Once the team determined the software program’s capability and accuracy, their study in Remote Sensing of Environment tested different UAS flight approaches to see how these impacted the ability to determine digital tree measurements. Swayze flew 30 UAS test flights at the Manitou Experimental Forest using various combinations of three altitudes, two flight patterns and five camera orientations.

“We found that UAS acquisitions can be optimized for data sets to provide nearly complete tree lists for individual heights, locations, and DBH (diameters at breast height),” Swayze said. “We can now say that flying a certain height, pattern, and overlap will get the best data in dry conifer ecosystems.”

The team determined that using angled, overlapping north-south and east-west flight lines at lower altitudes maximized the accuracy and correlation of overall forest measurements calculated from the individual tree metrics. Swayze said these crosshatch patterns double the amount of data collected, which needs to be factored into the data acquisition and processing time.

Videography by Karina Puikkonen

The team again compared their digital measurements with ground measurements taken for nearly 1,000 trees at the site. The results showed that the cross-sectional area captured from UAS was within 5-10% of the true measurements. This suggested that UAS flights could reliably collect comparable data with limited need for field observations.

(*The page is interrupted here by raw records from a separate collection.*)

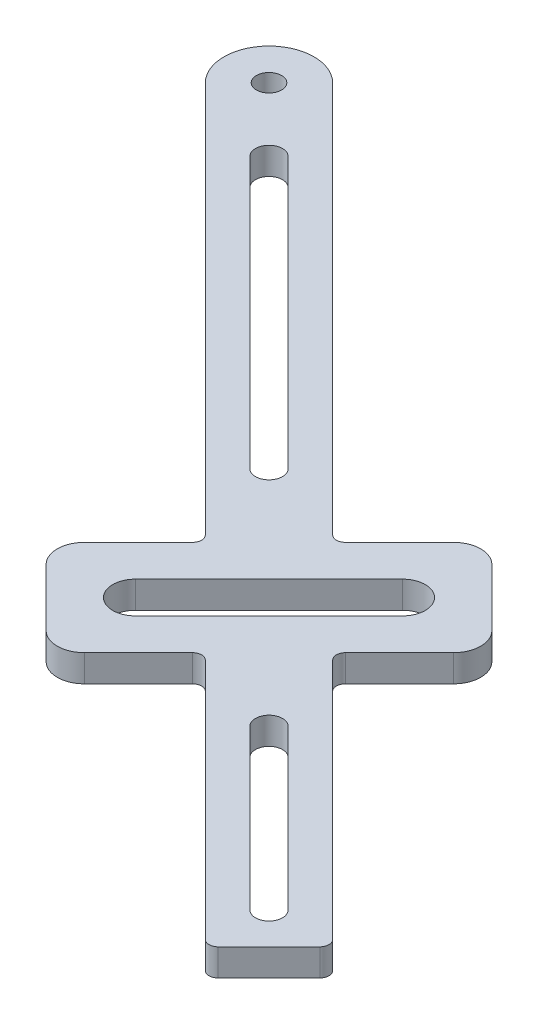
from build123d import *

# Parameters (mm, degrees)
SKETCH1_R           = 1.4
BOSS_EXTRUDE1_DEPTH = 3


with BuildPart() as part:
    # Sketch1 → Boss-Extrude1 (new body)
    with BuildSketch(Plane(origin=(0, 0, 0), x_dir=(1, 0, 0), z_dir=(0, 1, 0))):
        with BuildLine():
            Line((66.715956662, -50.018199395), (23.228889619, -6.531132352))
            ThreePointArc((23.228889619, -6.531132352), (16.157821807, -6.531132352), (16.157821807, -13.602200164))
            Line((16.157821807, -13.602200164), (59.64488885, -57.089267207))
            ThreePointArc((59.64488885, -57.089267207), (59.937782069, -57.796373988), (59.64488885, -58.503480769))
            Line((59.64488885, -58.503480769), (53.63448121, -64.513888409))
            ThreePointArc((53.63448121, -64.513888409), (52.755801554, -66.635208753), (53.63448121, -68.756529097))
            Line((53.63448121, -68.756529097), (59.998442241, -75.120490127))
            ThreePointArc((59.998442241, -75.120490127), (62.119762584, -75.999169784), (64.241082928, -75.120490127))
            Line((64.241082928, -75.120490127), (70.251490568, -69.110082487))
            ThreePointArc((70.251490568, -69.110082487), (70.958597349, -68.817189268), (71.665704131, -69.110082487))
            Line((71.665704131, -69.110082487), (98.535761816, -95.980140172))
            ThreePointArc((98.535761816, -95.980140172), (99.242868597, -96.273033391), (99.949975378, -95.980140172))
            Line((99.949975378, -95.980140172), (105.606829627, -90.323285923))
            ThreePointArc((105.606829627, -90.323285923), (105.899722846, -89.616179142), (105.606829627, -88.90907236))
            Line((105.606829627, -88.90907236), (78.736771942, -62.039014675))
            ThreePointArc((78.736771942, -62.039014675), (78.443878724, -61.331907894), (78.736771942, -60.624801113))
            Line((78.736771942, -60.624801113), (84.747179582, -54.614393473))
            ThreePointArc((84.747179582, -54.614393473), (85.625859239, -52.493073129), (84.747179582, -50.371752786))
            Line((84.747179582, -50.371752786), (78.383218552, -44.007791755))
            ThreePointArc((78.383218552, -44.007791755), (76.261898208, -43.129112099), (74.140577865, -44.007791755))
            Line((74.140577865, -44.007791755), (68.130170225, -50.018199395))
            ThreePointArc((68.130170225, -50.018199395), (67.423063443, -50.311092614), (66.715956662, -50.018199395))
        make_face()
        with Locations((19.693355713, -10.066666258)):
            Circle(SKETCH1_R, mode=Mode.SUBTRACT)
        with BuildLine():
            Line((82.625859239, -70.87784944), (100.303528769, -88.55551897))
            ThreePointArc((100.303528769, -88.55551897), (100.303528769, -90.676839313), (98.182208425, -90.676839313))
            Line((98.182208425, -90.676839313), (80.504538895, -72.999169784))
            ThreePointArc((80.504538895, -72.999169784), (80.504538895, -70.87784944), (82.625859239, -70.87784944))
        make_face(mode=Mode.SUBTRACT)
        with BuildLine():
            Line((59.998442241, -65.220995191), (74.847684646, -50.371752786))
            ThreePointArc((74.847684646, -50.371752786), (78.383218552, -50.371752786), (78.383218552, -53.907286692))
            Line((78.383218552, -53.907286692), (63.533976147, -68.756529097))
            ThreePointArc((63.533976147, -68.756529097), (59.998442241, -68.756529097), (59.998442241, -65.220995191))
        make_face(mode=Mode.SUBTRACT)
        with BuildLine():
            Line((27.825083697, -16.077073898), (57.877121897, -46.129112099))
            ThreePointArc((57.877121897, -46.129112099), (57.877121897, -48.250432442), (55.755801554, -48.250432442))
            Line((55.755801554, -48.250432442), (25.703763353, -18.198394242))
            ThreePointArc((25.703763353, -18.198394242), (25.703763353, -16.077073898), (27.825083697, -16.077073898))
        make_face(mode=Mode.SUBTRACT)
    extrude(amount=BOSS_EXTRUDE1_DEPTH)


solid = part.part

“Although not all trees were successfully extracted from the UAS data, these methods capture the relative local trends and stand-level averages that are necessary for informing a broad range of thinning and restoration actions in dry conifer forests,” Tinkham said.

By experimenting with different ways to assemble and use the wealth of information UAS technology provides, this research team has offered an UAS-based road map for forest managers. Monitoring ponderosa pine forests from both the ground and the air expands our understanding of how these ecosystems have evolved, and how forest structure and function may adapt to a hotter and drier climate.